What is required: Your answer should be only the lines below from the one with "line L1 (35.5, 38) -> (-35.5, 38)" to the one with "line L3 (11, 38) -> (-11, 38)", repeated exactly, ends included.
** Opening Supplied entries block **
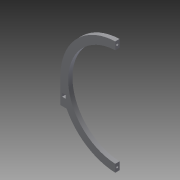
# Autodesk Inventor part: TopfemaleHoopSection_v3
Saved by Autodesk Inventor 2013 (Build 170138000, 138)
## iProperties
Created: 2013-01-17
Part Number: TopfemaleHoopSection_v3
Material: Generic
Document SubType Name: Modeling
Designer: motoennies
Density: 1 g/cm^3
Author: motoennies
Autodesk Inventor part; units mm, degrees
ref_plane "YZ Plane" through (0, 0, 0) normal (1, 0, 0) x (0, 1, 0)
ref_plane "XZ Plane" through (0, 0, 0) normal (0, 1, 0) x (-1, 0, 0)
ref_plane "XY Plane" through (0, 0, 0) normal (0, 0, 1) x (1, 0, 0)
sketch "Sketch1" plane through (0, 0, 0) normal (0, 0, 1) x (1, 0, 0)
  arc A0 (-6.35, 145.9119) -> (0, -146.05) centre (0, 0) ccw
  line L0 (-168.91, 0) -> (168.91, 0) construction
  line L1 (0, -146.05) -> (0, -168.91) construction
  line L2 (-168.91, 0) -> (-168.91, -76.2)
  line L3 (-168.91, -76.2) -> (-150.7453, -76.2)
  line L4 (0, 0) -> (0, -47.2694) construction
  line L5 (0, -47.2694) -> (-158.75, -47.2694) construction
  line L6 (-158.75, -42.5069) -> (-153.67, -42.5069)
  line L7 (-153.67, -42.5069) -> (-153.67, -52.0319)
  line L8 (-153.67, -52.0319) -> (-163.83, -52.0319)
  line L9 (-163.83, -52.0319) -> (-163.83, -42.5069)
  line L10 (-163.83, -42.5069) -> (-158.75, -42.5069)
  arc A1 (-150.7453, -76.2) -> (-6.35, -168.7906) centre (0, 0) ccw
  arc A2 (-6.35, 168.7906) -> (-168.91, 0) centre (0, 0) ccw
  line L11 (-6.35, -145.9119) -> (-6.35, -151.13)
  line L12 (-6.35, -161.29) -> (-6.35, -168.7906)
  line L13 (-6.35, -145.9119) -> (-6.35, -151.13)
  line L14 (-6.35, -161.29) -> (-6.35, -168.7906)
  line L15 (-6.35, 168.7906) -> (-6.35, 161.29)
  line L16 (-6.35, 151.13) -> (-6.35, 145.9119)
  line L17 (-6.35, -168.7906) -> (-6.35, -161.29)
  line L18 (-6.35, -151.13) -> (-6.35, -145.9119)
  line L19 (-6.35, 161.29) -> (-6.35, 151.13)
  line L20 (-6.35, -151.13) -> (-6.35, -161.29)
  point P0 (0, 161.29)
  point P1 (0, -151.13)
  point P2 (0, -161.29)
  dimension "d0" = 292.1
  dimension "d8" = 76.2
  dimension "d9" = 47.2694
  dimension "d10" = 158.75
  dimension "d12" = 4.7625
  dimension "d13" = 5.08
  dimension "d14" = 9.525
  dimension "d15" = 10.16
  dimension "d17" = 5.08
  dimension "d22" = 22.8787
  dimension "d23" = 24.1681
  dimension "d26" = 168.91
  constraints: 42 end point, 7 point on circle, 6 collinear, 6 perpendicular, 4 symmetric about line, 3 centre point, 2 coincident, 1 line through centre, 1 parallel, 1 tangent, 1 vertical, 1 other
  measures "d0" diameter of A0
  measures "d8" distance of L0.start L2.end
  measures "d9" distance of L4.start L4.end
  measures "d10" distance of L4.end L5.end
  measures "d12" distance of L5.end L6.start
  measures "d13" distance of L6.start L6.end
  measures "d14" distance of L6.end L7.end
  measures "d15" distance of L7.end L8.end
  measures "d17" distance between parallel lines of L2 L9
  measures "d22" distance of L11.start L12.end
  measures "d23" distance between parallel lines of L3 L8
  measures "d26" distance from line of point (0, 0) L2
extrude "Extrusion1" add sketch "Sketch1" along normal blind 12.7
sketch "Sketch2" plane through (-6.35, 145.9119, 0) normal (1, 0, 0) x (0, 0, -1)
  line L0 (0, 0) -> (0, 22.8787) projected
  line L1 (0, 22.8787) -> (-12.7, 22.8787) projected
  line L2 (0, 0) -> (-12.7, 0) projected
  circle A0 centre (-6.35, 11.436) radius 3.175
  line L3 (0, -145.9119) -> (96.3473, -145.9119) construction
  line L4 (96.3473, -145.9119) -> (-165.7611, -145.9119) construction
  circle A1 centre (-6.35, -303.2598) radius 3.175
  dimension "d27" = 6.35
  dimension "d28" = 11.4427
  dimension "d29" = 6.35
  constraints: 4 end point, 2 centre point, 1 collinear, 1 parallel, 1 symmetric about line, 1 other
  measures "d27" diameter of A0
  measures "d28" distance from line of L1 A0.centre
  measures "d29" distance from line of L0 A0.centre
extrude "Extrusion2" cut sketch "Sketch2" against normal blind 6.35
body "Solid1"
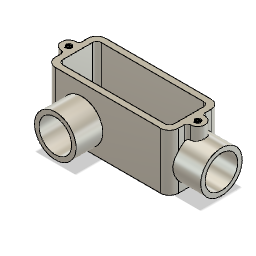
Part2Conduit v2 (Autodesk Fusion 360 design; units mm, degrees)
Autodesk Fusion 360 part; units mm, degrees
sketch "Sketch1" plane through (0, 0, 0) normal (0, 1, 0) x (1, 0, 0) in component "Body"
  line L0 (41.5, 17) -> (-41.5, 17)
  line L1 (-41.5, 17) -> (-41.5, -17)
  line L2 (-41.5, -17) -> (41.5, -17)
  line L3 (41.5, -17) -> (41.5, 17)
  line L4 (41.5, 17) -> (-41.5, -17) construction
  line L5 (-41.5, 17) -> (41.5, -17) construction
  dimension "d1" = 83
  dimension "d2" = 34
  constraint horizontal L0
  constraint perpendicular L0 L1
  constraint parallel L0 L2
  constraint parallel L1 L3
  constraint coincident L4 origin
  constraint coincident L5 origin
  measures "d1" distance of L1.end L2.end
  measures "d2" distance of L0.end L1.end
extrude "Extrude1" add sketch "Sketch1" along normal blind 38
sketch "Sketch1 (2)" plane through (0, 38, 0) normal (0, 1, 0) x (-1, 0, 0)
  line L0 (-41.5, 17) -> (-41.5, -17)
  line L1 (-41.5, -17) -> (41.5, -17)
  line L2 (41.5, -17) -> (41.5, 17)
  line L3 (41.5, 17) -> (-41.5, 17)
  line L4 (37.5, 13) -> (-37.5, 13)
  line L5 (-37.5, 13) -> (-37.5, -13)
  line L6 (-37.5, -13) -> (37.5, -13)
  line L7 (37.5, -13) -> (37.5, 13)
  dimension "d5" = -4
extrude "Extrude2" cut sketch "Sketch1 (2)" against normal up to surface (34 mm away) contours L4 L5 L6 L7
fillet "Fillet1" radius 3 4 edges at (-37.5, 21, -13) (-37.5, 21, 13) (37.5, 21, -13) (37.5, 21, 13)
fillet "Fillet2" radius 6 4 edges at (-41.5, 19, 17) (41.5, 19, -17) (41.5, 19, 17) (-41.5, 19, -17)
sketch "Sketch2" plane through (0, 0, 17) normal (0, 0, 1) x (1, 0, 0)
  line L0 (35.5, 0) -> (35.5, 38)
  line L1 (35.5, 38) -> (-35.5, 38)
  line L2 (-35.5, 38) -> (-35.5, 0)
  line L3 (-35.5, 0) -> (35.5, 0)
  circle A0 centre (-17.5, 16) radius 14
  line L4 (-41.5, 38) -> (-41.5, 0)
  dimension "d12" = 28
  dimension "d13" = 24
  dimension "d14" = 16
  measures "d12" diameter of A0
  measures "d13" distance of A0.centre L4
  measures "d14" distance of L3 A0.centre
extrude "Extrude3" add sketch "Sketch2" along normal blind 18 contours A0
sketch "Sketch3" plane through (0, 0, 35) normal (0, 0, 1) x (1, 0, 0)
  circle A0 centre (-17.5, 16) radius 14
  circle A1 centre (-17.5, 16) radius 11
  dimension "d17" = 22
  constraint concentric A0 A1
  measures "d17" diameter of A1
extrude "Extrude4" cut sketch "Sketch3" against normal up to surface (22 mm away) contours A1
sketch "Sketch4" plane through (41.5, 0, 0) normal (1, 0, 0) x (0, 0, -1)
  line L0 (-11, 38) -> (-11, 0)
  line L1 (-11, 0) -> (11, 0)
  line L2 (11, 0) -> (11, 38)
  line L3 (11, 38) -> (-11, 38)
  line L4 (0, 0) -> (0, 44.7494) construction
  circle A0 centre (0, 16) radius 14
  dimension "d20" = 28
  dimension "d21" = 16
  constraint coincident L4.start origin
  constraint perpendicular L3 L4
  constraint coincident L4 A0.centre
  measures "d20" diameter of A0
  measures "d21" distance of L1 A0.centre
extrude "Extrude5" add sketch "Sketch4" along normal up to surface (-4 mm away) and the other way blind -18 contours L0 L2 A0 | L0 A0 | L2 A0
sketch "Sketch5" plane through (59.5, 0, 0) normal (1, 0, 0) x (0, 0, -1)
  circle A0 centre (0, 16) radius 14
  circle A1 centre (0, 16) radius 11
  dimension "d32" = -3
sketch "Sketch6" plane through (0, 38, 0) normal (0, 1, 0) x (-1, 0, 0)
  arc A0 (35.5, -17) -> (41.5, -11) centre (35.5, -11) ccw
  line L0 (41.5, -11) -> (41.5, 11)
  arc A1 (41.5, 11) -> (35.5, 17) centre (35.5, 11) ccw
  line L1 (35.5, 17) -> (-35.5, 17)
  arc A2 (-35.5, 17) -> (-41.5, 11) centre (-35.5, 11) ccw
  line L2 (-41.5, 11) -> (-41.5, -11)
  arc A3 (-41.5, -11) -> (-35.5, -17) centre (-35.5, -11) ccw
  line L3 (-35.5, -17) -> (35.5, -17)
  line L4 (34.5, -13) -> (-34.5, -13)
  arc A4 (-37.5, -10) -> (-34.5, -13) centre (-34.5, -10) ccw
  line L5 (-37.5, -10) -> (-37.5, 10)
  arc A5 (-34.5, 13) -> (-37.5, 10) centre (-34.5, 10) ccw
  line L6 (-34.5, 13) -> (34.5, 13)
  arc A6 (37.5, 10) -> (34.5, 13) centre (34.5, 10) ccw
  line L7 (37.5, 10) -> (37.5, -10)
  arc A7 (34.5, -13) -> (37.5, -10) centre (34.5, -10) ccw
  line L8 (0, 0) -> (52.9158, 0) construction
  circle A8 centre (43.5, 0) radius 5
  dimension "d35" = 10
  dimension "d36" = 6
  constraint coincident L8.start origin
  constraint perpendicular L7 L8
  constraint coincident L8 A8.centre
  measures "d35" diameter of A8
  measures "d36" distance of L7 A8.centre
extrude "Extrude7" add sketch "Sketch6" against normal blind 21 contours L0 A8 picked at (44.0389, 0.1564)
mirror "Mirror1" about plane through (0, 0, 0) normal (1, 0, 0) of "Extrude7"
extrude "Extrude6" cut sketch "Sketch5" against normal up to surface (22 mm away) contours A1
fillet "Fillet3" radius 2 4 edges at (41.5, 33.6144, 4.5826) (41.5, 33.6144, -4.5826) (-41.5, 27.5, -4.5826) (-41.5, 27.5, 4.5826)
sketch "Sketch7" plane through (0, 38, 0) normal (0, 1, 0) x (-1, 0, 0)
  arc A0 (35.5, -17) -> (41.5, -11) centre (35.5, -11) ccw
  line L0 (41.5, -11) -> (41.5, -7)
  arc A1 (43.5, -5) -> (41.5, -7) centre (43.5, -7) ccw
  arc A2 (43.5, -5) -> (43.5, 5) centre (43.5, 0) ccw
  arc A3 (41.5, 7) -> (43.5, 5) centre (43.5, 7) ccw
  line L1 (41.5, 7) -> (41.5, 11)
  arc A4 (41.5, 11) -> (35.5, 17) centre (35.5, 11) ccw
  line L2 (35.5, 17) -> (-35.5, 17)
  arc A5 (-35.5, 17) -> (-41.5, 11) centre (-35.5, 11) ccw
  line L3 (-41.5, 11) -> (-41.5, 7)
  arc A6 (-43.5, 5) -> (-41.5, 7) centre (-43.5, 7) ccw
  arc A7 (-43.5, 5) -> (-43.5, -5) centre (-43.5, 0) ccw
  arc A8 (-41.5, -7) -> (-43.5, -5) centre (-43.5, -7) ccw
  line L4 (-41.5, -7) -> (-41.5, -11)
  arc A9 (-41.5, -11) -> (-35.5, -17) centre (-35.5, -11) ccw
  line L5 (-35.5, -17) -> (35.5, -17)
  line L6 (34.5, -13) -> (-34.5, -13)
  arc A10 (-37.5, -10) -> (-34.5, -13) centre (-34.5, -10) ccw
  line L7 (-37.5, -10) -> (-37.5, 10)
  arc A11 (-34.5, 13) -> (-37.5, 10) centre (-34.5, 10) ccw
  line L8 (-34.5, 13) -> (34.5, 13)
  arc A12 (37.5, 10) -> (34.5, 13) centre (34.5, 10) ccw
  line L9 (37.5, 10) -> (37.5, -10)
  arc A13 (34.5, -13) -> (37.5, -10) centre (34.5, -10) ccw
  circle A14 centre (43.5, 0) radius 2
  circle A15 centre (-43.5, 0) radius 2
  dimension "d43" = 4
  dimension "d47" = 4
  constraint concentric A2 A14
  constraint concentric A7 A15
  measures "d43" diameter of A14
  measures "d47" diameter of A15
extrude "Extrude8" cut sketch "Sketch7" against normal blind 8 contours A14 | A15
thread "Thread1" "ISO Metric profile 4.0 M4x0.7 6H" major diameter 4.1095 minor diameter 3.332 pitch 0.7 angle 60 modelled right hand crest width 0.193 on face at (-45.4901, 35.3333, -0.1991) crest through (-45.166, 37.825, 0) on face at (41.5099, 35.3333, -0.1991) crest through (41.834, 37.825, 0)
component "Body" placed x (1, 0, 0) y (0, 1, 0) z (0, 0, 1) at (0, 0, 0)
component "Lid" placed x (1, 0, 0) y (0, 1, 0) z (0, 0, 1) at (0, 0, 0)
** Closing Supplied entries block **
Written answer:
  line L1 (35.5, 38) -> (-35.5, 38)
  line L2 (-35.5, 38) -> (-35.5, 0)
  line L3 (-35.5, 0) -> (35.5, 0)
  circle A0 centre (-17.5, 16) radius 14
  line L4 (-41.5, 38) -> (-41.5, 0)
  dimension "d12" = 28
  dimension "d13" = 24
  dimension "d14" = 16
  measures "d12" diameter of A0
  measures "d13" distance of A0.centre L4
  measures "d14" distance of L3 A0.centre
extrude "Extrude3" add sketch "Sketch2" along normal blind 18 contours A0
sketch "Sketch3" plane through (0, 0, 35) normal (0, 0, 1) x (1, 0, 0)
  circle A0 centre (-17.5, 16) radius 14
  circle A1 centre (-17.5, 16) radius 11
  dimension "d17" = 22
  constraint concentric A0 A1
  measures "d17" diameter of A1
extrude "Extrude4" cut sketch "Sketch3" against normal up to surface (22 mm away) contours A1
sketch "Sketch4" plane through (41.5, 0, 0) normal (1, 0, 0) x (0, 0, -1)
  line L0 (-11, 38) -> (-11, 0)
  line L1 (-11, 0) -> (11, 0)
  line L2 (11, 0) -> (11, 38)
  line L3 (11, 38) -> (-11, 38)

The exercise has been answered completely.